▶ **YOUR INSTRUCTIONS**: Every line of the listing below from the one with "initialization it is good" up to and including the one with "Product : Product" should be retyped exactly, and nothing else; pictures are not part of the copy.

▶ **DATA FOR THIS EXERCISE**:
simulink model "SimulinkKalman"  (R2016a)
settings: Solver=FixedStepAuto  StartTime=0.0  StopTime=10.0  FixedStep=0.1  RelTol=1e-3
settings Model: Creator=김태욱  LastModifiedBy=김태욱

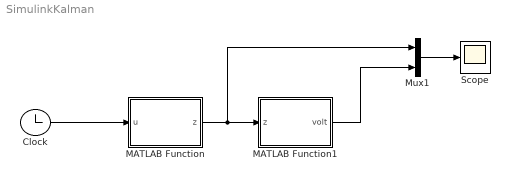
== system SimulinkKalman ==
  Clock : Clock
  MATLAB Function : MATLAB Function  TreatAsAtomicUnit=on
  MATLAB Function1 : MATLAB Function  TreatAsAtomicUnit=on
  Mux1 : Mux  Inputs=2
  Scope : Scope
  wires:
  Clock/1 -> MATLAB Function/1(u)
  Mux1/1 -> Scope/1
  MATLAB Function/1(z) -> Mux1/1, MATLAB Function1/1(z)
  MATLAB Function1/1(volt) -> Mux1/2

== matlab function SimulinkKalman/MATLAB Function1 ==
  data: z input; volt output
function volt = SimKalman(z)
%#codegen
% persistent vriables : only in function variables
% for initialization it is good
% 
persistent Phi H G V            
persistent xEst P
persistent firstRun


if isempty(firstRun)     % at first firstREun = 0                              
  Phi = 1;
  H = 1;  
  G = 0;
  V =2;
  xEst = 14;
  P =  4;  
  firstRun = 1;  
end  
xPre = Phi*xEst;
M = Phi*P*Phi' + G;
K = M*H'*inv(H*M*H' + V);
xEst = xPre + K*(z - H*xPre);
P = M - K*H*M;
volt = xEst;
% Cov = P;

== matlab function SimulinkKalman/MATLAB Function ==
  data: u input; z output
function z = SimMeas(u)
%#codegen
w = 0 + 4*randn(1,1);    %  zero mean and variance = 4*4 
z = 10 + w;                 %  measurement
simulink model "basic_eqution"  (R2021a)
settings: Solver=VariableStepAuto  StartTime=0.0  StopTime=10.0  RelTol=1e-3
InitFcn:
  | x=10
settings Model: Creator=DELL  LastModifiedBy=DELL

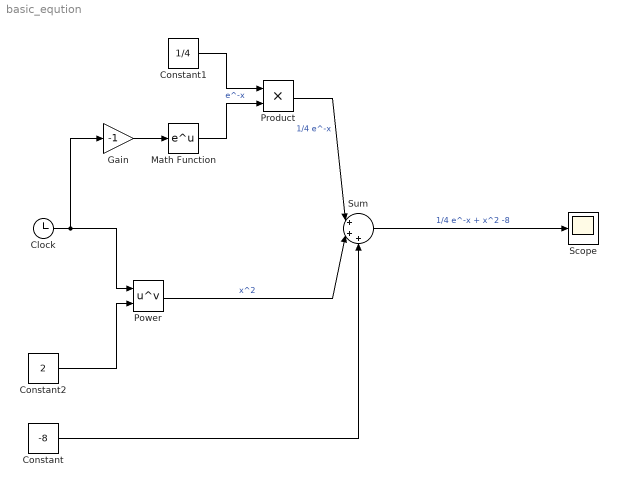
== system basic_eqution ==
  Clock : Clock
  Constant : Constant  Value=-8
  Constant1 : Constant  Value=1/4
  Constant2 : Constant  Value=2
  Gain : Gain  Gain=-1
  Math Function : Math  SaturateOnIntegerOverflow=on
  Power : Math  Operator=pow  SaturateOnIntegerOverflow=on
  Product : Product
  Scope : Scope
  Sum : Sum  Inputs=|+++
  wires:
  Math Function/1 -> Product/2  "e^-x"
  Constant1/1 -> Product/1
  Constant2/1 -> Power/2
  Clock/1 -> Gain/1, Power/1
  Product/1 -> Sum/1  "1/4 e^-x"
  Power/1 -> Sum/2  "x^2"
  Constant/1 -> Sum/3
  Sum/1 -> Scope/1  "1/4 e^-x + x^2 -8"
  Gain/1 -> Math Function/1

▶ **WRITTEN ANSWER**:
% for initialization it is good
% 
persistent Phi H G V            
persistent xEst P
persistent firstRun


if isempty(firstRun)     % at first firstREun = 0                              
  Phi = 1;
  H = 1;  
  G = 0;
  V =2;
  xEst = 14;
  P =  4;  
  firstRun = 1;  
end  
xPre = Phi*xEst;
M = Phi*P*Phi' + G;
K = M*H'*inv(H*M*H' + V);
xEst = xPre + K*(z - H*xPre);
P = M - K*H*M;
volt = xEst;
% Cov = P;

== matlab function SimulinkKalman/MATLAB Function ==
  data: u input; z output
function z = SimMeas(u)
%#codegen
w = 0 + 4*randn(1,1);    %  zero mean and variance = 4*4 
z = 10 + w;                 %  measurement
simulink model "basic_eqution"  (R2021a)
settings: Solver=VariableStepAuto  StartTime=0.0  StopTime=10.0  RelTol=1e-3
InitFcn:
  | x=10
settings Model: Creator=DELL  LastModifiedBy=DELL

== system basic_eqution ==
  Clock : Clock
  Constant : Constant  Value=-8
  Constant1 : Constant  Value=1/4
  Constant2 : Constant  Value=2
  Gain : Gain  Gain=-1
  Math Function : Math  SaturateOnIntegerOverflow=on
  Power : Math  Operator=pow  SaturateOnIntegerOverflow=on
  Product : Product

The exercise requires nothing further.